Князь Яков Никитич поискал глазами нежинского протопопа Симеона Адамовича, поспел в Москву расторопный батюшка к разбирательству гетманского дела:
— Скажи, протопоп, гетману то, что своими ушами от него же и слышал.
Симеон встал, перекрестился, поклонился суду, на гетмана глядел участливо.
— Винился бы ты, Демьян Игнатович! Великий государь милостив. Знай себе выкручиваешься. Когда ты меня в Москву посылал, что я тебе говорил? И до этого не однажды: «Держись царской милости. Помни судьбину Брюховецкого. Измена — это как пропасть, шагнул — и погиб». А что ты мне отвечал на это: «Поспешай в Москву, там тебя и посадят».
Гетман встал на колени перед боярами:
— Неистовые мои речи сказаны все в пьяном беспамятстве.

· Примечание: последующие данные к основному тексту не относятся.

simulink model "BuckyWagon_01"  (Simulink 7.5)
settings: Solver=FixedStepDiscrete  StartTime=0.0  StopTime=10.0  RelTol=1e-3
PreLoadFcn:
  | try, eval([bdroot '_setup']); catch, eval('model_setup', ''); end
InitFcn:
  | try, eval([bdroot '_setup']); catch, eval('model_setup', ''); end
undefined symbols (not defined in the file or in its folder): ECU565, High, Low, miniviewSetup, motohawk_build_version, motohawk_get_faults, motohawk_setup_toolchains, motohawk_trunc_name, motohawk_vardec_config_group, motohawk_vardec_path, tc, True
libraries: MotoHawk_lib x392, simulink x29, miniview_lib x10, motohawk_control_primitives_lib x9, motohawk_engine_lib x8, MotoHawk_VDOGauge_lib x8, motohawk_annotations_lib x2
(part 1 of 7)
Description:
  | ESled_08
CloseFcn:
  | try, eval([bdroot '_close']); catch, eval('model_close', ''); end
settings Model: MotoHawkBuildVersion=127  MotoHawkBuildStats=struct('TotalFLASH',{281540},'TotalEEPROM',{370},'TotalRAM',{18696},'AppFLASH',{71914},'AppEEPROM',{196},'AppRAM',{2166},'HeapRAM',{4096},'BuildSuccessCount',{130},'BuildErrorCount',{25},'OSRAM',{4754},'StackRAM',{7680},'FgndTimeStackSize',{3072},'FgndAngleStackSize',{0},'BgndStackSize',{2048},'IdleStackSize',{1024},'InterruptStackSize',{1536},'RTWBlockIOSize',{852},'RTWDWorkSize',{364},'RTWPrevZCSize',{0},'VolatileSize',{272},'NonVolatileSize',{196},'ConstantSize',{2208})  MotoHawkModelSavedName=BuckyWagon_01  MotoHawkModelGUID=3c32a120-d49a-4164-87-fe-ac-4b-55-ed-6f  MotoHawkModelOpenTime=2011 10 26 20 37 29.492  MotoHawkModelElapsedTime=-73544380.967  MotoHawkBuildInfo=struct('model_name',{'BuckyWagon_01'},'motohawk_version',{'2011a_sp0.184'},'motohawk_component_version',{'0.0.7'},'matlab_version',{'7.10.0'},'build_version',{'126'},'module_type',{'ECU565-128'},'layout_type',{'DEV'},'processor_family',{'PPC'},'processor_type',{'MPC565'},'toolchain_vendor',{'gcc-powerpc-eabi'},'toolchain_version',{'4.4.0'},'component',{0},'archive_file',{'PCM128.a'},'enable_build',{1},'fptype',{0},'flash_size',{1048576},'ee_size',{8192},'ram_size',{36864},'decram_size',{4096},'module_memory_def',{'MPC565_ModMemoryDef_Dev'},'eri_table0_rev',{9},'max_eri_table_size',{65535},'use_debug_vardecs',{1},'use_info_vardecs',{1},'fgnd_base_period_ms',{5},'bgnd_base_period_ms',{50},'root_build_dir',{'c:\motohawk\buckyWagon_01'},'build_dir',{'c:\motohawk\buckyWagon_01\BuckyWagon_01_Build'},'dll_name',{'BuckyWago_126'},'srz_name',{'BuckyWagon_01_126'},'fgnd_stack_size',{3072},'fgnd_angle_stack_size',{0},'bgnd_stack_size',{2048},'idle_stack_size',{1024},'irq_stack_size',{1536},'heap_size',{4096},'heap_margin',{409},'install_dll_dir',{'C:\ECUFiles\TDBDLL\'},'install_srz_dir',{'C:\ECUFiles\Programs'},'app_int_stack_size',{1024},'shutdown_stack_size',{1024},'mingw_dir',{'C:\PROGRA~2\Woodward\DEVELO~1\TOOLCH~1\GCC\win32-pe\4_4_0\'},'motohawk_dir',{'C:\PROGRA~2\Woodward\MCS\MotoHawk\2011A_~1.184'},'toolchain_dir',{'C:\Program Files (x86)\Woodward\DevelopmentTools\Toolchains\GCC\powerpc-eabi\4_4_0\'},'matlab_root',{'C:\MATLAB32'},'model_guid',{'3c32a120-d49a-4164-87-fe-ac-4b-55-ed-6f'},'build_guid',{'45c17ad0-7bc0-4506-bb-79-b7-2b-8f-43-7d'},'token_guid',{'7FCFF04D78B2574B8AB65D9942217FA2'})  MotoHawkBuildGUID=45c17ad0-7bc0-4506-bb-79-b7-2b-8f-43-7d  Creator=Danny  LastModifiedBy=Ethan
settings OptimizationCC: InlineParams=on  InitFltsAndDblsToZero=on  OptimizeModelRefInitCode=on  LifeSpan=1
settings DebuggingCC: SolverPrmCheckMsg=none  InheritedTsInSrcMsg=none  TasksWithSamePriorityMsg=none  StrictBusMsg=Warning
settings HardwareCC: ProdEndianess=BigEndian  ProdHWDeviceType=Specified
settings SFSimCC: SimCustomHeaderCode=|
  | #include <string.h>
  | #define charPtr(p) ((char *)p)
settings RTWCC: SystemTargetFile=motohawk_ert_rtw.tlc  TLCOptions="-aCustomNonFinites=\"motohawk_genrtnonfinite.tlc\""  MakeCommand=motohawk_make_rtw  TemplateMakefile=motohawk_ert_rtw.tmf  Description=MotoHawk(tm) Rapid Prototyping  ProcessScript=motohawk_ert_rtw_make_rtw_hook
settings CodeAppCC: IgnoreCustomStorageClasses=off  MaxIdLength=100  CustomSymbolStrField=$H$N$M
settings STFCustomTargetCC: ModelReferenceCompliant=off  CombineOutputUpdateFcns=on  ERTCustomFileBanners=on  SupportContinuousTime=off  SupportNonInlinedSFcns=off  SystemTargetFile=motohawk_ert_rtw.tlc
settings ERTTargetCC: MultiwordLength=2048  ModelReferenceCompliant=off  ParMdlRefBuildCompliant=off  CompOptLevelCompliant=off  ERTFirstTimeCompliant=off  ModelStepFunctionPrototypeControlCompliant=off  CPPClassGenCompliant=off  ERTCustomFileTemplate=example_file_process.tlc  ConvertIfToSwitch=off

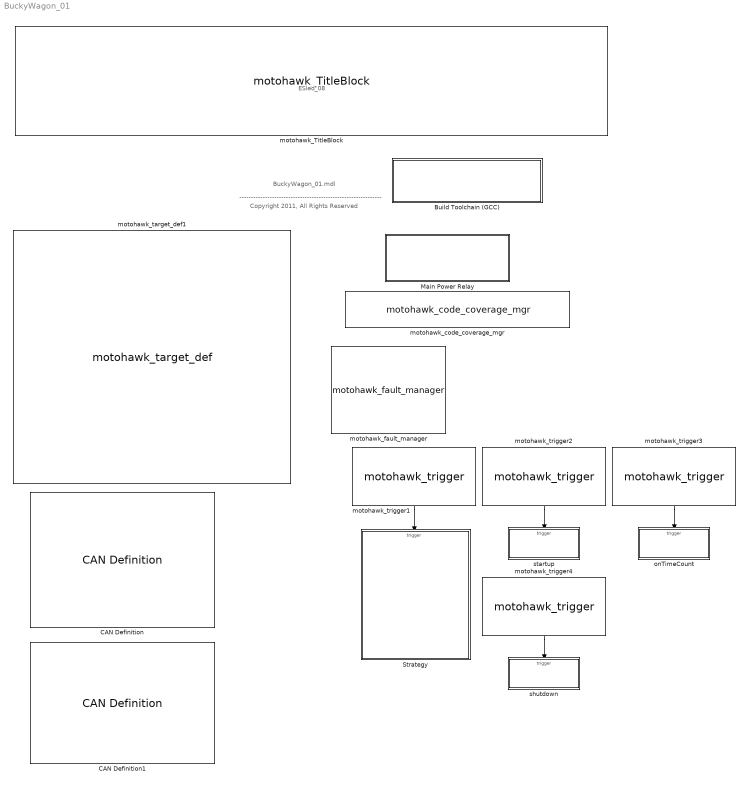
== system BuckyWagon_01 ==
  note: ESled_08
  note: BuckyWagon_01.mdl
  note: -------------------------------------------------------------
  note: Copyright 2011, All Rights Reserved
  Build Toolchain (GCC) : Subsystem
      mask Display:
      | patch([0 0 1 1], [0 1 1 0], [220/255 220/255 220/255]);
      | patch([0 0 1 1], [0 0.075 0.075 0], [230/255 0/255 0/255]);
      | patch([0 0 1 1], [0.025 0.05 0.05 0.025], [150/255 0/255 0/255]);
      | patch([0 0 1 1], [0 0.025 0.025 0], [0/255 0/255 0/255]);
      | 
      | disp(['Build'])
  CAN Definition : MotoHawk_lib/CAN Blocks/CAN Definition  Priority=-100  nam=['CAN_' num2str(1)]  text_resource=CAN1  code_resource=NONE  val_resource=-1  target=ECU565-128  bus=-2  btime=250 kbaud  pre=1  prop=0  pseg1=0  pseg2=0  resyn=0  tx_queue_size=16  rx_queue_size=16  use_protocol=on  city_id=hex2dec('B')  access_level=4  mototune_group='System | System Config | Communication Config'
  CAN Definition1 : MotoHawk_lib/CAN Blocks/CAN Definition  Priority=-100  nam=['CAN_' num2str(2)]  text_resource=CAN2  code_resource=NONE  val_resource=-1  target=ECU565-128  bus=-2  btime=500 kbaud  pre=1  prop=0  pseg1=0  pseg2=0  resyn=0  tx_queue_size=16  rx_queue_size=16  use_protocol=off  city_id=hex2dec('B')  access_level=4  mototune_group='System | System Config | Communication Config'
  Main Power Relay : Subsystem  AncestorBlock=MotoHawk_lib/Extra Development Blocks/Main Power Relay  mask(MotoHawk Main Power Relay Control){on_delay_count=2, off_delay_count=10, ecup_threshold=100, group='System | Main Power Relay'}
      mask prompts: on_delay_count "On Delay Count"; off_delay_count "Off Delay Count"; ecup_threshold "ECUP High Threshold (ADC Counts)"; group "MotoTune Group"
      mask help:
      | This block provides basic control of the main power relay, by following the ECUP voltage input pin.
      |
      | Regardless of where the block is placed in a design, the strategy will execute every 50ms with background priority.
      |
      | Note that this block is simply composed of other primitive MotoHawk blocks and may be used as a starting point for a more complicated strategy.
      |
      | On Delay:  Once the ECU power goes high, after this period, the Main Power Relay will be turned on.
      | Off Delay:  Once the ECU power goes low, after this period, the Main Power Relay will be turned off.
      |
      | Note that one tick before MPRD is turned off, non-volatile variables will be stored, and the Shutdown event will be posted.  It is not necessary to use the Shutdown event.
      |
      | ---------------------------------------------------------------------
      |
      |
      | Copyright 2010 Woodward.  All Rights Reserved.
      mask init:
      | block = gcb;
      | 
      | motohawk_main_power_relay_initmask;
      mask Help: eval('motohawk_block_help(get_param(gcb,''MaskType''))');
      mask Display:
      | patch([0 0 1 1], [0 1 1 0], [220/255 220/255 220/255]);
      | patch([0 0 1 1], [0 0.075 0.075 0], [230/255 0/255 0/255]);
      | patch([0 0 1 1], [0.025 0.05 0.05 0.025], [150/255 0/255 0/255]);
      | patch([0 0 1 1], [0 0.025 0.025 0], [0/255 0/255 0/255]);
      | 
      | disp(['Main Power Relay' on_delay_lbl off_delay_lbl]);
  Strategy : Subsystem  TreatAsAtomicUnit=on
      settings: RTWSystemCode=Function  RTWFcnNameOpts=Use subsystem name  RTWFileNameOpts=Use function name
  motohawk_TitleBlock : motohawk_annotations_lib/motohawk_TitleBlock  BlockType_='Mototron_Title_Block'  ttl="[  strrep(get_param(bdroot, 'Description') , '_', '\\_')  '\\newline\\rm'  'Top-level root of model:  '   strrep(bdroot, '_', '\\_') '.mdl'  ]"  copyright="'THE INFORMATION CONTAINED IN THIS\\newlineDRAWING IS THE SOLE PROPERTY OF\\newlineMOTOTRON.  ANY REPRODUCTION IN\\newline PART OR AS A WHOLE WITHOUT THE\\newlineWRITTEN PERMISSION OF MOTOTRON\\newline IS PROHIBITED.\\fontsize{16}\\rm\\copyright\\rm\\fontsize{10} 2005'"  address='\fontsize{22}\it\fontname{Arial Black}MotoTron Corporation \fontname{Arial}\fontsize{10}\newline505 Marion Road, Oshkosh, WI, 54901\newlinewww.mototron.com (734) 822-7700'  image_file='mh.jpg'  pretty_print=on  edit_text=|  edit_as=5
      | [	
      | 
      | 
      | 	
      | 
      | 
      | strrep(get_param(bdroot, 'Description') , '_', '\_')  '\newline\rm'	
      | 
      | 
      | 	
      | 
      | 
      | 'Top-level root of model:  '   strrep(bdroot, '_', '\_') '.mdl'	
      | 
      | 
      | 	
      | 
      | 
      | ]
  motohawk_code_coverage_mgr : MotoHawk_lib/Extra Development Blocks/motohawk_code_coverage_mgr  codegen=Always Generate Code Coverage Code  group='System | Code Coverage'
  motohawk_fault_manager : MotoHawk_lib/Fault Management Blocks/motohawk_fault_manager  storage=FLASH  read_level=1  write_level=1  clear_level=1  xytype=uint16  mototune_group='Faults'
  motohawk_target_def1 : MotoHawk_lib/motohawk_target_def  Priority=-65535  target=ECU565-128  layout=DEV  fptype=single (32 bits)  fgnd_stack_size=3*1024  fgnd_angle_stack_size=0  bgnd_stack_size=2*1024  idle_stack_size=1024  irq_stack_size=1536  app_int_stack_size=1024  shutdown_stack_size=1024  heap_size=4*1024  show_margins=off  fgnd_stack_margin=(3*1024) * 0.1  fgnd_angle_stack_margin=0  bgnd_stack_margin=(2*1024) * 0.1  idle_stack_margin=(1024) * 0.1  irq_stack_margin=(1536) * 0.1  app_int_stack_margin=(1024) * 0.1  shutdown_stack_margin=(1024) * 0.1  heap_margin=(4*1024) * 0.1  comp_name=bdroot  comp_img='KVASER_CAN_USB.jpg'  comp_security=No Encryption  comp_build_pass='mhbuild'  comp_sim_pass='mhsim'  comp_multi=off  show_filenames=off  dll_name=motohawk_trunc_name(bdroot, ['_' motohawk_build_version], 13)  srz_name=motohawk_trunc_name(bdroot, ['_' motohawk_build_version], 50)  build_dir='.'  comp_dir='.'
  motohawk_trigger1 : MotoHawk_lib/Trigger Blocks/motohawk_trigger  Tag=Trigger  trigger=FGND_RTI_PERIODIC  function_name=Trigger_FGND_RTI_PERIODIC_9090p0107  priority_order=0  inherited=off  run_disabled=off  override_app_monitor=off  target=ECU565_128
  motohawk_trigger2 : MotoHawk_lib/Trigger Blocks/motohawk_trigger  Tag=Trigger  trigger=STARTUP_EVENT  function_name=Trigger_STARTUP_EVENT_9091p0016  priority_order=0  inherited=off  run_disabled=off  override_app_monitor=off  target=ECU565_128
  motohawk_trigger3 : MotoHawk_lib/Trigger Blocks/motohawk_trigger  Tag=Trigger  trigger=BGND_BASEx20_PERIODIC  function_name=Trigger_BGND_BASEx20_PERIODIC_9092p0017  priority_order=0  inherited=off  run_disabled=off  override_app_monitor=off  target=ECU565_128
  motohawk_trigger4 : MotoHawk_lib/Trigger Blocks/motohawk_trigger  Tag=Trigger  Priority=0  trigger=SHUTDOWN_EVENT  function_name=Trigger_SHUTDOWN_EVENT_9093p0017  priority_order=0  inherited=off  run_disabled=off  override_app_monitor=off  target=ECU565_128
  onTimeCount : Subsystem  TreatAsAtomicUnit=on
  shutdown : Subsystem  TreatAsAtomicUnit=on
  startup : Subsystem  TreatAsAtomicUnit=on
  wires:
  motohawk_trigger1/1 -> Strategy/Trigger
  motohawk_trigger2/1 -> startup/Trigger
  motohawk_trigger3/1 -> onTimeCount/Trigger
  motohawk_trigger4/1 -> shutdown/Trigger

== system BuckyWagon_01/Build Toolchain (GCC) ==
  note: MotoHawk
  note: ---------------------------------------------------------------------
      | Copyright 2010 Woodward.  All Rights Reserved.
  note: Build Blocks
  Tool Chain Definition : S-Function  InitFcn=motohawk_setup_toolchains(gcb, 'init');  FunctionName=motohawk_sfun_toolchain_def  Parameters=char({tc,''})  EnableBusSupport=off  mask(MotoHawk Tool Chain Definition){nam='MyToolChain', toolchain=gcc-powerpc-eabi 4.4.0, buildtemplate=GreenHills 3.6, toolchaindir='C:\GHS\ppc421\', target=ECU565-128}
      mask prompts: nam "Name"; toolchain "Tool Chain"; buildtemplate "Build Template"; toolchaindir "Tool Chain Install Directory"; target "Target (hidden)"
      mask help:
      | This block chooses the tool chain for MotoHawk to use when CTRL+B is pressed.
      |
      | The "Name" is a user-specified name given to the tool chain.  It has no bearing on the tool chain chosen, it is for documentation purposes.
      |
      | The "Tool Chain" drop down list contains the tool chains that are available for this target.
      |
      | A "Custom" toolchain allows the user to choose an alternate directory with a supported build template.
      |
      | The "Build template" will force MotoHawk to generate build scripts and files for the specified tool chain.  Note that a custom tool chain must be compatible with a supported tool chain, otherwise the build will not succeed.
      |
      | ---------------------------------------------------------------------
      |
      |
      | Copyright 2010 Woodward.  All Rights Reserved.
      mask init:
      | block = gcb;
      | 
      | motohawk_sfun_toolchain_def_initmask;
      settings: OpenFcn=|
      | motohawk_setup_toolchains(gcb, 'open');
      | open_system(gcb, 'mask');
      mask Help: eval('motohawk_block_help(get_param(gcb,''MaskType''))');
      mask StyleString: edit,popup((None)|(Custom)|GreenHills 3.6|GreenHills 4.2.1|gcc-powerpc-eabi 4.4.0),popup(GreenHills 3.6|GreenHills 4.2.1|gcc-powerpc-eabi 4.4.0),edit,edit
      mask CallbackString: |motohawk_sfun_toolchain_def_visible(gcb)|||
      mask Display:
      | patch([0 0 1 1], [0 1 1 0], [220/255 220/255 220/255]);
      | 
      | patch([0 0 1 1], [0 0.075 0.075 0], [230/255 0/255 0/255]);
      | patch([0 0 1 1], [0.025 0.05 0.05 0.025], [150/255 0/255 0/255]);
      | 
      | patch([0 0 1 1], [0 0.025 0.025 0], [0/255 0/255 0/255]);
      | 
      | 
      | text(0.1, 0.9, lbl, 'texmode', 'on', 'HorizontalAlignment', 'Left', 'VerticalAlignment', 'Top');

== system BuckyWagon_01/Main Power Relay ==
  note: Always execute Main Power Relay control in the background.
  note: The saving and restoring of non-volatile variables
      | must be called from a background priority task.
  Background : Subsystem
  motohawk_trigger : MotoHawk_lib/Trigger Blocks/motohawk_trigger  Tag=Trigger  Priority=255  trigger=BGND_BASE_PERIODIC  function_name=Trigger_BGND_BASE_PERIODIC_190p0018  priority_order=255  inherited=on  run_disabled=on  override_app_monitor=off  target=ECU565_128
  wires:
  motohawk_trigger/1 -> Background/Trigger

== system BuckyWagon_01/Strategy ==
  function : TriggerPort  TriggerType=function-call
  Actuators : Subsystem
  Control Strategy : Subsystem
  Gauges : Subsystem
  MiniViewDisplay : Subsystem
      settings: RTWSystemCode=Function  RTWFcnNameOpts=Use subsystem name  RTWFileNameOpts=Use function name
  Sensors : Subsystem
  motohawk_trigger : MotoHawk_lib/Trigger Blocks/motohawk_trigger  Tag=Trigger  trigger=FGND_RTI_PERIODIC  function_name=Trigger_FGND_RTI_PERIODIC_9072p0017  priority_order=200  inherited=on  run_disabled=off  override_app_monitor=off  target=ECU565_128
  motohawk_trigger1 : MotoHawk_lib/Trigger Blocks/motohawk_trigger  Tag=Trigger  trigger=FGND_20XRTI_PERIODIC  function_name=Trigger_FGND_20XRTI_PERIODIC_9073p002  priority_order=200  inherited=on  run_disabled=off  override_app_monitor=off  target=ECU565_128
  wires:
  Sensors/1(Sensors) -> Control Strategy/1(Inputs), Gauges/1(Inputs), MiniViewDisplay/1(Inputs)  "Physical"
  Control Strategy/1(Outputs) -> Actuators/1(Outputs), Gauges/2(Outputs), MiniViewDisplay/2(Outputs)  "Hybrid"
  motohawk_trigger/1 -> MiniViewDisplay/Trigger
  motohawk_trigger1/1 -> Gauges/Trigger

== system BuckyWagon_01/onTimeCount ==
  function : TriggerPort  TriggerType=function-call
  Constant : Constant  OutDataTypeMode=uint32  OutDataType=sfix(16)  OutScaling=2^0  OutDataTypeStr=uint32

— Если бы ты об измене не сговаривался, — сказал Юрий Алексеевич, — то все грамоты Дорошенко государю бы отсылал.
— Я приказывал отсылать! — встрепенулся гетман. — Писарь не отсылал, а я про то не ведал.
Тонул Многогрешный, пузыри пускал. Артамон Сергеевич поспешил на помощь:
— В Киевобратском монастыре взят переодетый в монаха брат гетмана, Василий. Его везут в Москву. Давайте допросим Василия Игнатовича и решим судьбу обоих.
— Что ж? Отложим приговор, — согласился
Кинулся гетман глазами к благодетелю Артамону Сергеевичу, а тот отвернулся.
Дважды был у пытки гетман Многогрешный. Дважды получил по девятнадцати ударов кнута. При нём пытали полковника Матвея Гвинтовку, клали его руку в хомут. Гвинтовка пытку перенёс, не поклепал ни гетмана, ни себя. Многогрешный показал: на словах об измене среди своих болтал, но с Дорошенко про военные походы не ссылался.
Покоробил Артамона Сергеевича рассказ гетмана о брате Василии. В приезд патриарха Паисия бил Васька челом святейшему, заодно и архиепископу Лазарю Барановичу разрешить от грехов за убийство жены да о дозволении другую за себя взять.
Прощение Васька получил за большую милостыню, а Лазарю да Тукальскому пришлось ему послать по доброму коню. Митрополит запросил и с гетмана посулы: требовал дани с киевских церквей в свою пользу.
— Я отказал, — говорил Многогрешный.
12
В доме Артамона Сергеевича приготовлялся праздничный стол. Изощрённо лакомый, ибо постный, иноческий. Устраивала пиршество повариха Керкира в память о господах своих — о Борисе Ивановиче Морозове да об Анне Ильиничне, супруге его, царицыной сестре.
Все припасы Керкира купила на свои деньги, гостей пожелала видеть знатных у Бога.
— Благодетель Борис Иванович, — говорила она, — любил позвать за свой боярский стол людей самых учёных, самых мудрых. И не для того, чтобы умом перед другими похвастать. Слушал смиренно, в споры не вступал, но уж коли его спрашивали, говорил, не гнушался. Позови, государь, мудрецов, мы с Авдотьей Григорьевной за дверьми сидя послушаем их речи, а ты уж попотчуй братию по-хозяйски.
— Кого же ты позвать велишь? — спросил Артамон Сергеевич. Затея ему нравилась, но вот кто у Керкиры в мудрецах?
— Перво-наперво учителя света нашего Андрея Артамоновича.
— Спафарий. Раз! — загнул палец Артамон Сергеевич.
— Учителя царевича, отца Симеона.
— Симеон Полоцкий. Два!
— Учителя всего Московского царства отца Епифания. Он в архиерейском дому живёт, в Крутицах.
— Славинецкий. Три! — Артамон Сергеевич развеселился. — Ну, дражайшая Керкира, есть ещё мудрецы в Москве?
— Мудрецов много, да все в бегах... А ты позови-ка ещё владыку Паисия. Много бед натворил. Иудей. Всё царство перемутил, но учен, аки змей-искуситель...
— О Лигариде, что ли, говоришь? Зачем на сердечном пиру ненавистный тебе человек?
— Послушать. Чем же он всех обошёл? И других послушать. Что ему скажут, достойны ли славы своей.
Артамон Сергеевич был в изумлении.
— Ай да стряпуха! Дивное дело придумала. Ты — загадка наша и Божие нам дарование. Будь по-твоему.